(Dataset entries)
■ ■ ■ ■ ■

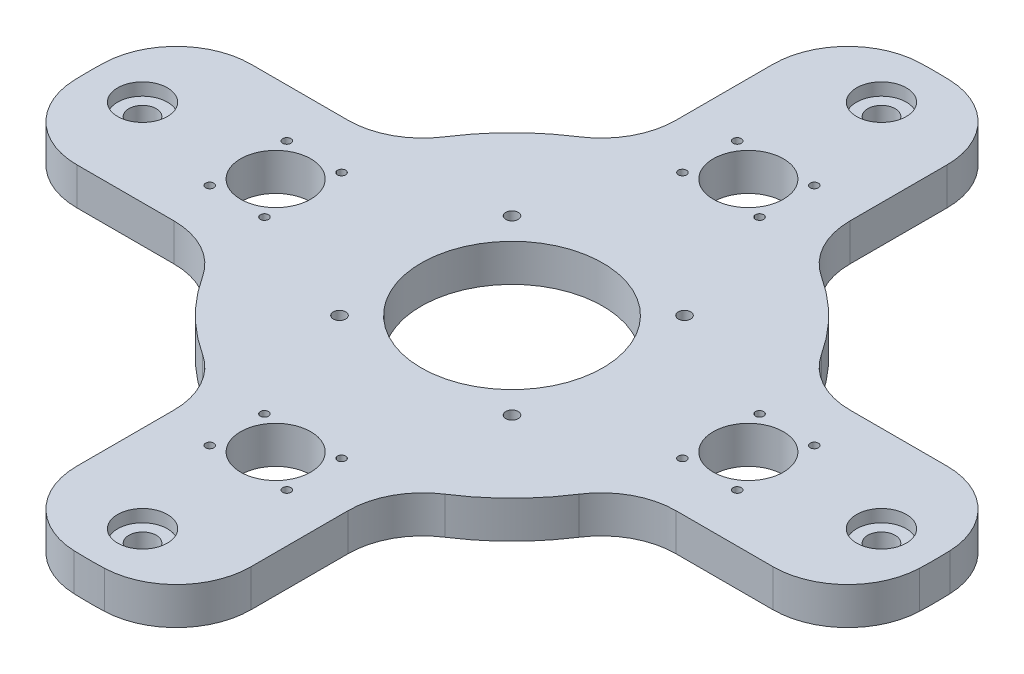
from build123d import *

# Parameters (mm, degrees)
SKETCH1_R             = 36.515
BOSS_EXTRUDE1_DEPTH   = 15
FILLET1_R             = 30
M6_TAPPED_HOLE1_D     = 5
SKETCH4_R             = 10
CUT_EXTRUDE1_DEPTH    = 5
M10_CLEARANCE_HOLE1_D = 11
CIRPATTERN1_COUNT     = 4
SKETCH7_R             = 14.1
CUT_EXTRUDE2_DEPTH    = 16
CIRPATTERN2_COUNT     = 4
M4_TAPPED_HOLE1_D     = 3.3
CIRPATTERN3_COUNT     = 4


with BuildPart() as part:
    # Sketch1 → Boss-Extrude1 (new body)
    with BuildSketch(Plane(origin=(0, 0, 0), x_dir=(1, 0, 0), z_dir=(0, 1, 0))):
        with BuildLine():
            Line((-35, 166.358047596), (-35, 82.915619759))
            ThreePointArc((-35, 82.915619759), (-63.639610307, 63.639610307), (-82.915619759, 35))
            Line((-82.915619759, 35), (-166.358047596, 35))
            ThreePointArc((-166.358047596, 35), (-170, 0), (-166.358047596, -35))
            Line((-166.358047596, -35), (-82.915619759, -35))
            ThreePointArc((-82.915619759, -35), (-63.639610307, -63.639610307), (-35, -82.915619759))
            Line((-35, -82.915619759), (-35, -166.358047596))
            ThreePointArc((-35, -166.358047596), (0, -170), (35, -166.358047596))
            Line((35, -166.358047596), (35, -82.915619759))
            ThreePointArc((35, -82.915619759), (63.639610307, -63.639610307), (82.915619759, -35))
            Line((82.915619759, -35), (166.358047596, -35))
            ThreePointArc((166.358047596, -35), (170, 0), (166.358047596, 35))
            Line((166.358047596, 35), (82.915619759, 35))
            ThreePointArc((82.915619759, 35), (63.639610307, 63.639610307), (35, 82.915619759))
            Line((35, 82.915619759), (35, 166.358047596))
            ThreePointArc((35, 166.358047596), (0, 170), (-35, 166.358047596))
        make_face()
        Circle(SKETCH1_R, mode=Mode.SUBTRACT)
    extrude(amount=BOSS_EXTRUDE1_DEPTH)

    # Fillet1
    fillet1_edges = [part.edges().sort_by_distance(p)[0] for p in [
        (-166.358047596, 7.5, 35),
        (-166.358047596, 7.5, -35),
        (-82.915619759, 7.5, -35),
        (-35, 7.5, -82.915619759),
        (-35, 7.5, -166.358047596),
        (35, 7.5, -166.358047596),
        (35, 7.5, -82.915619759),
        (82.915619759, 7.5, -35),
        (166.358047596, 7.5, -35),
        (166.358047596, 7.5, 35),
        (82.915619759, 7.5, 35),
        (35, 7.5, 82.915619759),
        (35, 7.5, 166.358047596),
        (-35, 7.5, 166.358047596),
        (-35, 7.5, 82.915619759),
        (-82.915619759, 7.5, 35),
    ]]
    fillet(fillet1_edges, radius=FILLET1_R)

    # M6 Tapped Hole1 (through all)
    with Locations(Plane.XZ):
        with Locations((-34.67, -34.67), (34.67, -34.67), (34.67, 34.67), (-34.67, 34.67)):
            Hole(M6_TAPPED_HOLE1_D / 2)

    # Sketch4 → Cut-Extrude1 (cut)
    with BuildSketch(Plane(origin=(0, 15, 0), x_dir=(1, 0, 0), z_dir=(0, 1, 0))):
        with Locations((0, 148.5)):
            Circle(SKETCH4_R)
    cut_extrude1 = extrude(amount=-CUT_EXTRUDE1_DEPTH, mode=Mode.SUBTRACT)

    # M10 Clearance Hole1 (through all)
    with Locations(Plane(origin=(0, 0, 0), x_dir=(-1, 0, 0), z_dir=(0, -1, 0))):
        with Locations((0, 148.5)):
            m10_clearance_hole1 = Hole(M10_CLEARANCE_HOLE1_D / 2)

    # CirPattern1: Cut-Extrude1, M10 Clearance Hole1 ×4 about axis
    cirpattern1_axis = Axis((0, 0, 0), (0, 1, 0))
    for i in range(1, CIRPATTERN1_COUNT):
        add(cut_extrude1.rotate(cirpattern1_axis, i * 360 / CIRPATTERN1_COUNT), mode=Mode.SUBTRACT)
        add(m10_clearance_hole1.rotate(cirpattern1_axis, i * 360 / CIRPATTERN1_COUNT), mode=Mode.SUBTRACT)

    # Sketch7 → Cut-Extrude2 (cut, through all)
    with BuildSketch(Plane(origin=(0, 15, 0), x_dir=(1, 0, 0), z_dir=(0, 1, 0))):
        with Locations((0, 95)):
            Circle(SKETCH7_R)
    cut_extrude2 = extrude(amount=-CUT_EXTRUDE2_DEPTH, mode=Mode.SUBTRACT)

    # CirPattern2: Cut-Extrude2 ×4 about axis
    cirpattern2_axis = Axis((0, 0, 0), (0, 1, 0))
    for i in range(1, CIRPATTERN2_COUNT):
        add(cut_extrude2.rotate(cirpattern2_axis, i * 360 / CIRPATTERN2_COUNT), mode=Mode.SUBTRACT)

    # M4 Tapped Hole1 (through all)
    with Locations(Plane(origin=(0, 15, 0), x_dir=(1, 0, 0), z_dir=(0, 1, 0))):
        with Locations((-15.5, 106), (-15.5, 84), (15.5, 84), (15.5, 106)):
            m4_tapped_hole1 = Hole(M4_TAPPED_HOLE1_D / 2)

    # CirPattern3: M4 Tapped Hole1 ×4 about axis
    cirpattern3_axis = Axis((0, 0, 0), (0, 1, 0))
    for i in range(1, CIRPATTERN3_COUNT):
        add(m4_tapped_hole1.rotate(cirpattern3_axis, i * 360 / CIRPATTERN3_COUNT), mode=Mode.SUBTRACT)


solid = part.part

■ ■ ■ ■ ■

__Work request__.
Retype every entry exactly as written, but omit the pictures.

__Task answer__.
from build123d import *

# Parameters (mm, degrees)
SKETCH1_R             = 36.515
BOSS_EXTRUDE1_DEPTH   = 15
FILLET1_R             = 30
M6_TAPPED_HOLE1_D     = 5
SKETCH4_R             = 10
CUT_EXTRUDE1_DEPTH    = 5
M10_CLEARANCE_HOLE1_D = 11
CIRPATTERN1_COUNT     = 4
SKETCH7_R             = 14.1
CUT_EXTRUDE2_DEPTH    = 16
CIRPATTERN2_COUNT     = 4
M4_TAPPED_HOLE1_D     = 3.3
CIRPATTERN3_COUNT     = 4


with BuildPart() as part:
    # Sketch1 → Boss-Extrude1 (new body)
    with BuildSketch(Plane(origin=(0, 0, 0), x_dir=(1, 0, 0), z_dir=(0, 1, 0))):
        with BuildLine():
            Line((-35, 166.358047596), (-35, 82.915619759))
            ThreePointArc((-35, 82.915619759), (-63.639610307, 63.639610307), (-82.915619759, 35))
            Line((-82.915619759, 35), (-166.358047596, 35))
            ThreePointArc((-166.358047596, 35), (-170, 0), (-166.358047596, -35))
            Line((-166.358047596, -35), (-82.915619759, -35))
            ThreePointArc((-82.915619759, -35), (-63.639610307, -63.639610307), (-35, -82.915619759))
            Line((-35, -82.915619759), (-35, -166.358047596))
            ThreePointArc((-35, -166.358047596), (0, -170), (35, -166.358047596))
            Line((35, -166.358047596), (35, -82.915619759))
            ThreePointArc((35, -82.915619759), (63.639610307, -63.639610307), (82.915619759, -35))
            Line((82.915619759, -35), (166.358047596, -35))
            ThreePointArc((166.358047596, -35), (170, 0), (166.358047596, 35))
            Line((166.358047596, 35), (82.915619759, 35))
            ThreePointArc((82.915619759, 35), (63.639610307, 63.639610307), (35, 82.915619759))
            Line((35, 82.915619759), (35, 166.358047596))
            ThreePointArc((35, 166.358047596), (0, 170), (-35, 166.358047596))
        make_face()
        Circle(SKETCH1_R, mode=Mode.SUBTRACT)
    extrude(amount=BOSS_EXTRUDE1_DEPTH)

    # Fillet1
    fillet1_edges = [part.edges().sort_by_distance(p)[0] for p in [
        (-166.358047596, 7.5, 35),
        (-166.358047596, 7.5, -35),
        (-82.915619759, 7.5, -35),
        (-35, 7.5, -82.915619759),
        (-35, 7.5, -166.358047596),
        (35, 7.5, -166.358047596),
        (35, 7.5, -82.915619759),
        (82.915619759, 7.5, -35),
        (166.358047596, 7.5, -35),
        (166.358047596, 7.5, 35),
        (82.915619759, 7.5, 35),
        (35, 7.5, 82.915619759),
        (35, 7.5, 166.358047596),
        (-35, 7.5, 166.358047596),
        (-35, 7.5, 82.915619759),
        (-82.915619759, 7.5, 35),
    ]]
    fillet(fillet1_edges, radius=FILLET1_R)

    # M6 Tapped Hole1 (through all)
    with Locations(Plane.XZ):
        with Locations((-34.67, -34.67), (34.67, -34.67), (34.67, 34.67), (-34.67, 34.67)):
            Hole(M6_TAPPED_HOLE1_D / 2)

    # Sketch4 → Cut-Extrude1 (cut)
    with BuildSketch(Plane(origin=(0, 15, 0), x_dir=(1, 0, 0), z_dir=(0, 1, 0))):
        with Locations((0, 148.5)):
            Circle(SKETCH4_R)
    cut_extrude1 = extrude(amount=-CUT_EXTRUDE1_DEPTH, mode=Mode.SUBTRACT)

    # M10 Clearance Hole1 (through all)
    with Locations(Plane(origin=(0, 0, 0), x_dir=(-1, 0, 0), z_dir=(0, -1, 0))):
        with Locations((0, 148.5)):
            m10_clearance_hole1 = Hole(M10_CLEARANCE_HOLE1_D / 2)

    # CirPattern1: Cut-Extrude1, M10 Clearance Hole1 ×4 about axis
    cirpattern1_axis = Axis((0, 0, 0), (0, 1, 0))
    for i in range(1, CIRPATTERN1_COUNT):
        add(cut_extrude1.rotate(cirpattern1_axis, i * 360 / CIRPATTERN1_COUNT), mode=Mode.SUBTRACT)
        add(m10_clearance_hole1.rotate(cirpattern1_axis, i * 360 / CIRPATTERN1_COUNT), mode=Mode.SUBTRACT)

    # Sketch7 → Cut-Extrude2 (cut, through all)
    with BuildSketch(Plane(origin=(0, 15, 0), x_dir=(1, 0, 0), z_dir=(0, 1, 0))):
        with Locations((0, 95)):
            Circle(SKETCH7_R)
    cut_extrude2 = extrude(amount=-CUT_EXTRUDE2_DEPTH, mode=Mode.SUBTRACT)

    # CirPattern2: Cut-Extrude2 ×4 about axis
    cirpattern2_axis = Axis((0, 0, 0), (0, 1, 0))
    for i in range(1, CIRPATTERN2_COUNT):
        add(cut_extrude2.rotate(cirpattern2_axis, i * 360 / CIRPATTERN2_COUNT), mode=Mode.SUBTRACT)

    # M4 Tapped Hole1 (through all)
    with Locations(Plane(origin=(0, 15, 0), x_dir=(1, 0, 0), z_dir=(0, 1, 0))):
        with Locations((-15.5, 106), (-15.5, 84), (15.5, 84), (15.5, 106)):
            m4_tapped_hole1 = Hole(M4_TAPPED_HOLE1_D / 2)

    # CirPattern3: M4 Tapped Hole1 ×4 about axis
    cirpattern3_axis = Axis((0, 0, 0), (0, 1, 0))
    for i in range(1, CIRPATTERN3_COUNT):
        add(m4_tapped_hole1.rotate(cirpattern3_axis, i * 360 / CIRPATTERN3_COUNT), mode=Mode.SUBTRACT)


solid = part.part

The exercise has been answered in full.